Exercise requirements:
All lines in the material below that hold "through" should be found and copied.
[Start of Attachment]
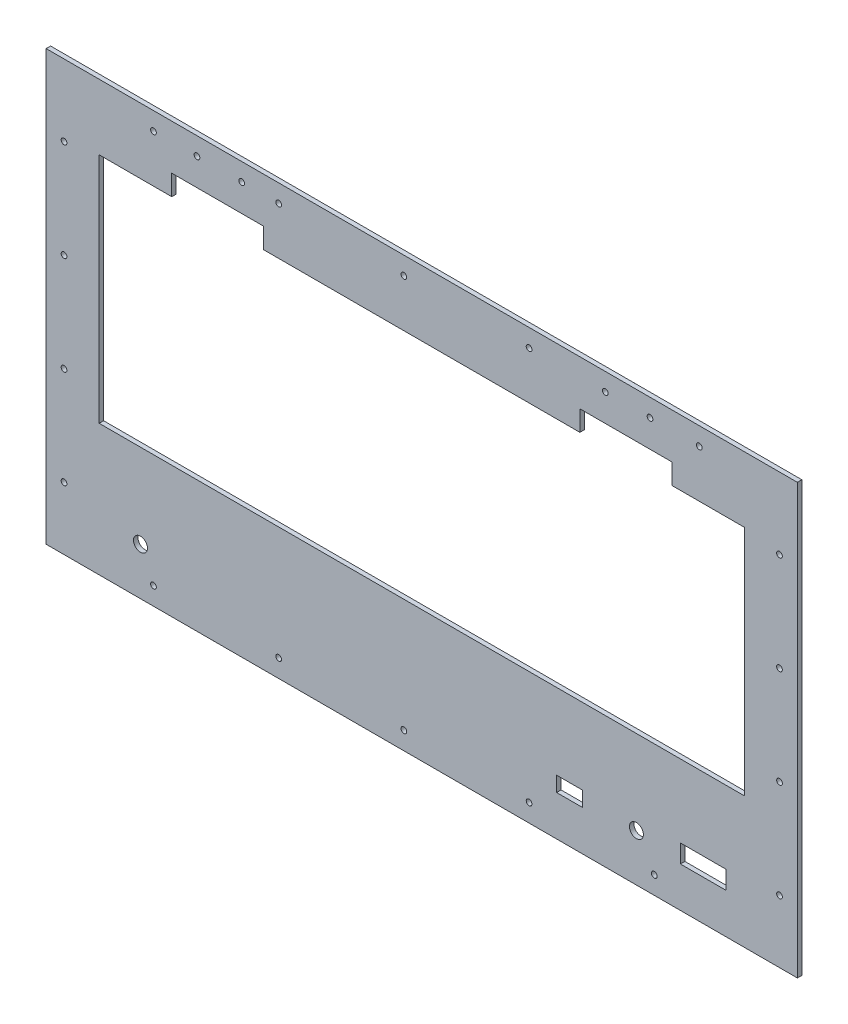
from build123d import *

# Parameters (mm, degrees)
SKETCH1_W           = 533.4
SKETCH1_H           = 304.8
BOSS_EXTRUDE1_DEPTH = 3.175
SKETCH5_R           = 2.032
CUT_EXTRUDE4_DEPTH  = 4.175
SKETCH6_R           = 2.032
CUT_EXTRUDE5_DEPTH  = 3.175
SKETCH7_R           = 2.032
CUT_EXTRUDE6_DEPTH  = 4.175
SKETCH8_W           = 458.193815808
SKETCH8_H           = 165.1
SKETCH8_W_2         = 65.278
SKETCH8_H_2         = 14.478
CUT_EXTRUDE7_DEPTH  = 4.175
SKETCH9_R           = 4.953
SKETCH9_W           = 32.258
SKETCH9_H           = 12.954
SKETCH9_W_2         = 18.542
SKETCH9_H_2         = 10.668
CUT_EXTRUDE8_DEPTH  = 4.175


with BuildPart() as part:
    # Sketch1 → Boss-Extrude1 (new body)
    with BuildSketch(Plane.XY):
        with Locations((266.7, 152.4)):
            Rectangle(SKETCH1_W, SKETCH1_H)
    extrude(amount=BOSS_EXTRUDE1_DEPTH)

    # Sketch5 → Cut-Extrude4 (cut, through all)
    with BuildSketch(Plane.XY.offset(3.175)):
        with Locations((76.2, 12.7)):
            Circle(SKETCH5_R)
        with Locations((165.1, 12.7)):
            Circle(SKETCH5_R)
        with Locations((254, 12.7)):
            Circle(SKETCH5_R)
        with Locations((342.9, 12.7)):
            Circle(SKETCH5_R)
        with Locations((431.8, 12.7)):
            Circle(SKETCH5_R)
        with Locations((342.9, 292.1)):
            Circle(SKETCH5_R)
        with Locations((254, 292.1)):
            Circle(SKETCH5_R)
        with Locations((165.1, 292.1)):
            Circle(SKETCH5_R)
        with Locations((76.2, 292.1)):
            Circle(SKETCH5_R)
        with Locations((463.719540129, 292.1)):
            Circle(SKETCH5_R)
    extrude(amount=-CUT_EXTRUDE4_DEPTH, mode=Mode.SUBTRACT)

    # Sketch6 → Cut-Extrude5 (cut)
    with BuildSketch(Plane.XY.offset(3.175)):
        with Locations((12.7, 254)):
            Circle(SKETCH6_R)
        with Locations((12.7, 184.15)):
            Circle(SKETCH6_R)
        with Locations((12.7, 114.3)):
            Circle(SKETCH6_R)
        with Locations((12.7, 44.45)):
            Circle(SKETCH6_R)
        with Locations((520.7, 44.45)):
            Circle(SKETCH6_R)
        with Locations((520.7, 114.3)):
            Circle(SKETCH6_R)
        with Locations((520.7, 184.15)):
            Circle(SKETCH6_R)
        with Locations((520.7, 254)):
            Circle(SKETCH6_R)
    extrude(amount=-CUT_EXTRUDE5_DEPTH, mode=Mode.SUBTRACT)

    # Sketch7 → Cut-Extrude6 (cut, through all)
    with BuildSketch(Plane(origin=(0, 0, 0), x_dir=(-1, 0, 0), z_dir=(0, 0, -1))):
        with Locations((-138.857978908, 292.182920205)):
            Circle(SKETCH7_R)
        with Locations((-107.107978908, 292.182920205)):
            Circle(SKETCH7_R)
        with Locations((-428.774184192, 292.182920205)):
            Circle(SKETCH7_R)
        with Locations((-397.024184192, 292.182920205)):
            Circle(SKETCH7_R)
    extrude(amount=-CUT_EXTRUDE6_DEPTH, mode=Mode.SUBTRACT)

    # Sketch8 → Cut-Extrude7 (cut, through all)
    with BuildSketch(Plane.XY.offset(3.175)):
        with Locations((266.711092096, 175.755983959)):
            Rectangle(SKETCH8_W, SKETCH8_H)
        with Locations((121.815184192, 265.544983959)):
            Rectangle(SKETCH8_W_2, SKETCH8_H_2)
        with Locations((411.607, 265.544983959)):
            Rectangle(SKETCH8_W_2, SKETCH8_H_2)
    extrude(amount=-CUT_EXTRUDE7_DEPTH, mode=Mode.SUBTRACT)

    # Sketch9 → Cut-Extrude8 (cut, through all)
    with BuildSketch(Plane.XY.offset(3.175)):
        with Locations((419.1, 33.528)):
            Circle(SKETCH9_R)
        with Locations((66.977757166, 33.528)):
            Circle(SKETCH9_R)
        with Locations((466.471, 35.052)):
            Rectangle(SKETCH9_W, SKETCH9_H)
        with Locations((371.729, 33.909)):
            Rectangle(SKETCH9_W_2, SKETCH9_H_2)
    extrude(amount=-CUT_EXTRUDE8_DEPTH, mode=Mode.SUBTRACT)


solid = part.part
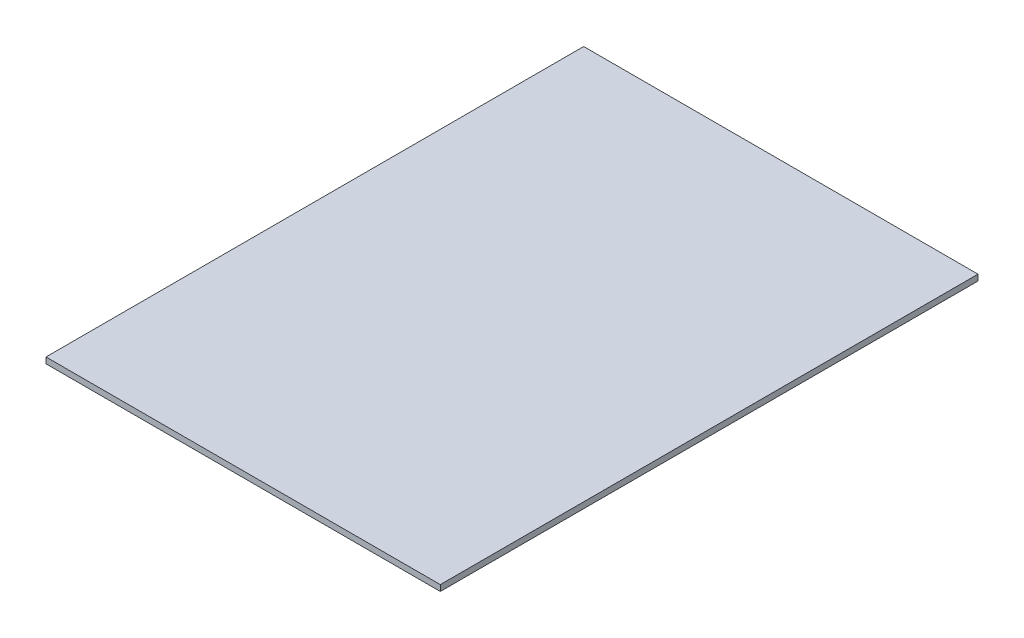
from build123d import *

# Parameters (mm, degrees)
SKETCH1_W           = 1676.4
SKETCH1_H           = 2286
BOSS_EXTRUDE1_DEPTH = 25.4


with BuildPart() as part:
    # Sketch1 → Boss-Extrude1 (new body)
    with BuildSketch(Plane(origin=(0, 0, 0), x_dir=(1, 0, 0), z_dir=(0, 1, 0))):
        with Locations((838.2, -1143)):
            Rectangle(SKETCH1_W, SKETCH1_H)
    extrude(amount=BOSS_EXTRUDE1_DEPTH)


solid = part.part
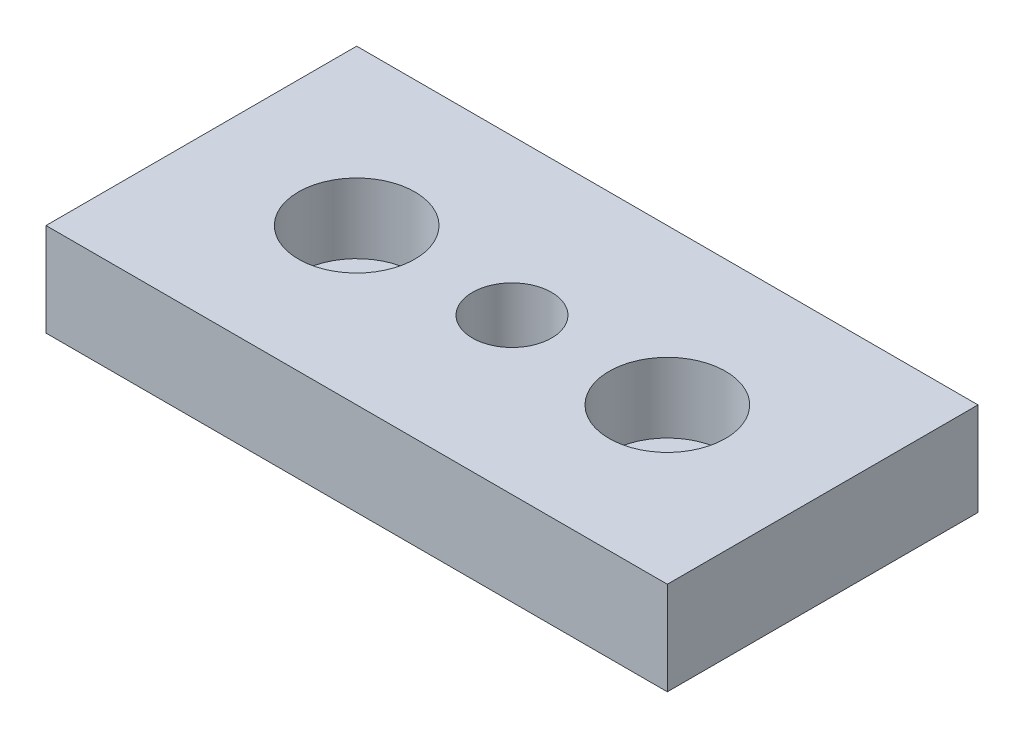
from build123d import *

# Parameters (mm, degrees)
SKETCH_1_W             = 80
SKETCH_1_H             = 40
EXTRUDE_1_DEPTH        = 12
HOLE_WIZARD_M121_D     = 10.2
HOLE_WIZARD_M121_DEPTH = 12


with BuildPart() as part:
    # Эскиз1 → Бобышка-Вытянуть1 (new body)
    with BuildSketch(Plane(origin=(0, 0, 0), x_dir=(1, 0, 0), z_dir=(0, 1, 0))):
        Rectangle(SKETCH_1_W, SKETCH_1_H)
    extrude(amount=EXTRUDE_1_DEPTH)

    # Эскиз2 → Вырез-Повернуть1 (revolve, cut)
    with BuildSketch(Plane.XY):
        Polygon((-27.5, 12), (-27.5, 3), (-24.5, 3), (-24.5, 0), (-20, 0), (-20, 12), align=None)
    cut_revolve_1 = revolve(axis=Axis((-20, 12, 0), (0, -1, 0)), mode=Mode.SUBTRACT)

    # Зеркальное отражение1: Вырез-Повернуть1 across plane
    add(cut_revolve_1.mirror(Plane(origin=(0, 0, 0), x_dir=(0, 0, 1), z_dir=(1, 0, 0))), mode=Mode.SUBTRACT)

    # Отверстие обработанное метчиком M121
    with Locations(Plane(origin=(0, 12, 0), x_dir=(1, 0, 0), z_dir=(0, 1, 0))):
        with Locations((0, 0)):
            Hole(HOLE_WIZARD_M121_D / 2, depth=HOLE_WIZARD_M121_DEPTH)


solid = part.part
[End of Attachment]
Reply:
    # Sketch5 → Cut-Extrude4 (cut, through all)
    # Sketch7 → Cut-Extrude6 (cut, through all)
    # Sketch8 → Cut-Extrude7 (cut, through all)
    # Sketch9 → Cut-Extrude8 (cut, through all)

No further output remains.